- Exercise -
From the material below, return every line that includes "этажа".

══════════════════════════════

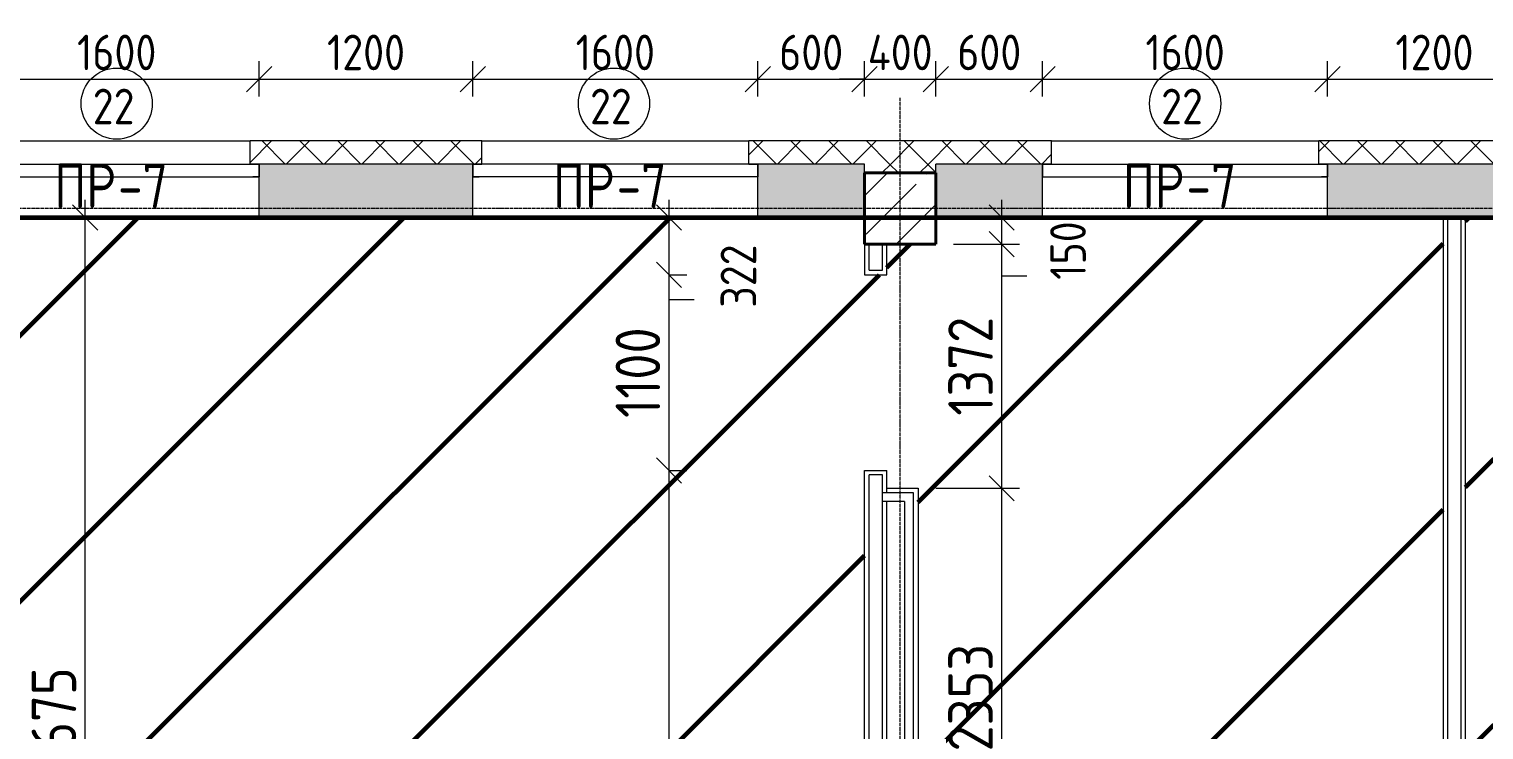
# Model space of a CAD drawing. Header units: millimetres. Extents: x -56773 to 323062, y -262288 to 76460.
# Drawn here: x 18192 to 26362, y -42390 to -38451 of the extents above; entities that cross this region are included whole.
import ezdxf

# ---------------------------------------------------------------- set-up
doc = ezdxf.new("R2010")
doc.units = ezdxf.units.MM
doc.linetypes.add('ADSK_Линия сетки', pattern=[25, 20, -2.5, 0, -2.5])
for name, color, linetype, lineweight in [('1.1)Стяжка керамзит  2 этаж', 5, 'Continuous', 60), ('3.1 Штукатурка внешн стен', 5, 'Continuous', 60), ('_ Окна', 7, 'Continuous', 18), ('Марки', 7, 'Continuous', 20), ('Марки окон', 7, 'Continuous', 20), ('Несущие колонны', 7, 'Continuous', 18), ('Окна', 7, 'Continuous', 9), ('Оси', 7, 'Continuous', 9), ('Размеры', 7, 'Continuous', 9), ('Стены внутренние', 7, 'Continuous', 18), ('Стены наружные', 7, 'Continuous', 18), ('Стены несущие', 7, 'Continuous', 30), ('Стены отделка', 7, 'Continuous', 30), ('Стены штриховка', 7, 'Continuous', 9)]:
    doc.layers.add(name, color=color, linetype=linetype, lineweight=lineweight)
doc.styles.add('GOST Common_2', font='', dxfattribs={"width": 0.9, "height": 250})
doc.styles.add('GOST Common_3', font='', dxfattribs={"width": 0.9, "height": 200})
doc.styles.add('GOST Common_5', font='', dxfattribs={"width": 0.85, "height": 250})
doc.styles.get('GOST Common_2').set_extended_font_data('GOST Common')
doc.styles.get('GOST Common_3').set_extended_font_data('GOST Common')
doc.styles.get('GOST Common_5').set_extended_font_data('GOST Common')
doc.dimstyles.new('ADSK_Основной_2_0', dxfattribs={"dimscale": 304.8, "dimtxt": 201.142999, "dimasz": 0.463911, "dimexe": 0.328084, "dimexo": 0.328084, "dimgap": 0.164042, "dimtad": 1, "dimdec": 3, "dimrnd": 0.001, "dimdsep": 46, "dimtxsty": 'GOST Common_3', "dimblk1": 'OBLIQUE', "dimblk2": 'OBLIQUE', "dimsah": 1, "dimcen": 0.09, "dimdle": 0.328084, "dimazin": 2, "dimtfac": 1, "dimtdec": 4, "dimtix": 1, "dimtmove": 0, "dimatfit": 3, "dimfxl": 1, "dimtvp": 1, "dimtolj": 1, "dimtzin": 0, "dimlwd": 20, "dimlwe": 20, "dimarcsym": 2})
doc.dimstyles.new('ADSK_Основной_2_0_1', dxfattribs={"dimscale": 304.8, "dimtxt": 201.142999, "dimasz": 0.463911, "dimexe": 0.328084, "dimexo": 0.328084, "dimgap": 0.164042, "dimtad": 1, "dimdec": 3, "dimrnd": 0.001, "dimdsep": 46, "dimtxsty": 'GOST Common_3', "dimblk1": 'OBLIQUE', "dimblk2": 'OBLIQUE', "dimsah": 1, "dimcen": 0.09, "dimdle": 0.328084, "dimazin": 2, "dimtfac": 1, "dimtdec": 4, "dimtix": 1, "dimtmove": 1, "dimatfit": 3, "dimfxl": 1, "dimtvp": 1, "dimtolj": 1, "dimtzin": 0, "dimlwd": 20, "dimlwe": 20, "dimarcsym": 2})
doc.dimstyles.new('ADSK_Основной_2_0_3', dxfattribs={"dimscale": 304.8, "dimtxt": 201.142999, "dimasz": 0.463911, "dimexe": 0.328084, "dimexo": 0.328084, "dimgap": 0.164042, "dimtad": 1, "dimdec": 3, "dimrnd": 0.001, "dimdsep": 46, "dimtxsty": 'GOST Common_2', "dimblk1": 'OBLIQUE', "dimblk2": 'OBLIQUE', "dimsah": 1, "dimcen": 0.09, "dimdle": 0.328084, "dimazin": 2, "dimtfac": 1, "dimtdec": 4, "dimtix": 1, "dimtmove": 0, "dimatfit": 3, "dimfxl": 1, "dimtvp": 1, "dimtolj": 1, "dimtzin": 0, "dimlwd": 20, "dimlwe": 20, "dimarcsym": 2})
pattern_1 = [(45, (1283.93, -48864.63), (-106.066, 106.066), []), (135, (1283.93, -48864.63), (-106.066, -106.066), [])]

# ---------------------------------------------------------------- blocks, each defined once
blk = doc.blocks.new('ADSK_КолоннаЖБ_Прямоугольная - 400x400 мм-1807143-Кладочный план 1-го этажа')
at = {"layer": 'Несущие колонны', "lineweight": 40}
for p, q in [((-200, 200), (200, 200)), ((-200, -200), (-200, 200)), ((200, 200), (200, -200)), ((200, -200), (-200, -200))]:
    blk.add_line(p, q, dxfattribs=at)
blk = doc.blocks.new('ОКНО L03 _2СТ_RS - ОК-1_1600х2000h_противоударное-3556409-Кладочный план 1-го этажа')
at = {"layer": '_ Окна'}
for p, q in [((-838.1, 149), (761.9, 149)), ((-838.1, 149), (-838.1, 79)), ((-838.1, 149), (-833.1, 149)), ((761.9, 149), (756.9, 149)), ((761.9, 149), (761.9, 79)), ((-838.1, 79), (761.9, 79)), ((-838.1, 79), (-803.1, 79)), ((761.9, 79), (726.9, 79))]:
    blk.add_line(p, q, dxfattribs=at)
blk = doc.blocks.new('ОКНО L03 _2СТ_RS - ОК-1_1600х2000h_противоударное-3556404-Кладочный план 1-го этажа')
at = {"layer": '_ Окна'}
for p, q in [((-838.1, -79), (761.9, -79)), ((-838.1, -149), (-838.1, -79)), ((-838.1, -79), (-803.1, -79)), ((761.9, -79), (726.9, -79)), ((761.9, -149), (761.9, -79)), ((-838.1, -149), (761.9, -149)), ((-838.1, -149), (-833.1, -149)), ((761.9, -149), (756.9, -149))]:
    blk.add_line(p, q, dxfattribs=at)
blk = doc.blocks.new('_Oblique')
at = {"color": 0, "linetype": 'ByBlock', "lineweight": -2}
blk.add_line((-0.5, -0.5), (0.5, 0.5), dxfattribs=at)
blk = doc.blocks.new('*D4220')
at = {"layer": 'Defpoints', "color": 0, "transparency": 16777216}
for p in [(19483.9, -38732.1), (17883.9, -38930), (19483.9, -38930)]:
    blk.add_point(p, dxfattribs=at)
at = {"layer": 'Размеры', "color": 0, "lineweight": 20, "transparency": 16777216}
for p, q in [((17883.9, -38830), (17883.9, -38632.1)), ((19483.9, -38830), (19483.9, -38632.1)), ((17783.9, -38732.1), (19583.9, -38732.1))]:
    blk.add_line(p, q, dxfattribs=at)
at = {"layer": 'Размеры', "color": 0, "lineweight": 20, "transparency": 16777216, "xscale": 141.4, "yscale": 141.4, "zscale": 141.4, "rotation": 180}
blk.add_blockref('_Oblique', (17883.9, -38732.1), dxfattribs=at)
at = {"layer": 'Размеры', "color": 0, "lineweight": 20, "transparency": 16777216, "xscale": 141.4, "yscale": 141.4, "zscale": 141.4}
blk.add_blockref('_Oblique', (19483.9, -38732.1), dxfattribs=at)
at = {"layer": 'Размеры', "color": 0, "lineweight": 9, "transparency": 16777216, "insert": (18683.9, -38582.1), "char_height": 200, "width": 560.473, "attachment_point": 5, "style": 'GOST Common_3'}
blk.add_mtext('\\A1;1600', dxfattribs=at)
blk = doc.blocks.new('*D4221')
at = {"layer": 'Defpoints', "color": 0, "transparency": 16777216}
for p in [(20683.9, -38732.1), (19483.9, -38930), (20683.9, -38930)]:
    blk.add_point(p, dxfattribs=at)
at = {"layer": 'Размеры', "color": 0, "lineweight": 20, "transparency": 16777216}
for p, q in [((19483.9, -38830), (19483.9, -38632.1)), ((20683.9, -38830), (20683.9, -38632.1)), ((19383.9, -38732.1), (20783.9, -38732.1))]:
    blk.add_line(p, q, dxfattribs=at)
at = {"layer": 'Размеры', "color": 0, "lineweight": 20, "transparency": 16777216, "xscale": 141.4, "yscale": 141.4, "zscale": 141.4, "rotation": 180}
blk.add_blockref('_Oblique', (19483.9, -38732.1), dxfattribs=at)
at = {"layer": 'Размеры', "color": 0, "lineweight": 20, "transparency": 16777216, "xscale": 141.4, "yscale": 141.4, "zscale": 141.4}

══════════════════════════════

- Exercise output -
blk = doc.blocks.new('ADSK_КолоннаЖБ_Прямоугольная - 400x400 мм-1807143-Кладочный план 1-го этажа')
blk = doc.blocks.new('ОКНО L03 _2СТ_RS - ОК-1_1600х2000h_противоударное-3556409-Кладочный план 1-го этажа')
blk = doc.blocks.new('ОКНО L03 _2СТ_RS - ОК-1_1600х2000h_противоударное-3556404-Кладочный план 1-го этажа')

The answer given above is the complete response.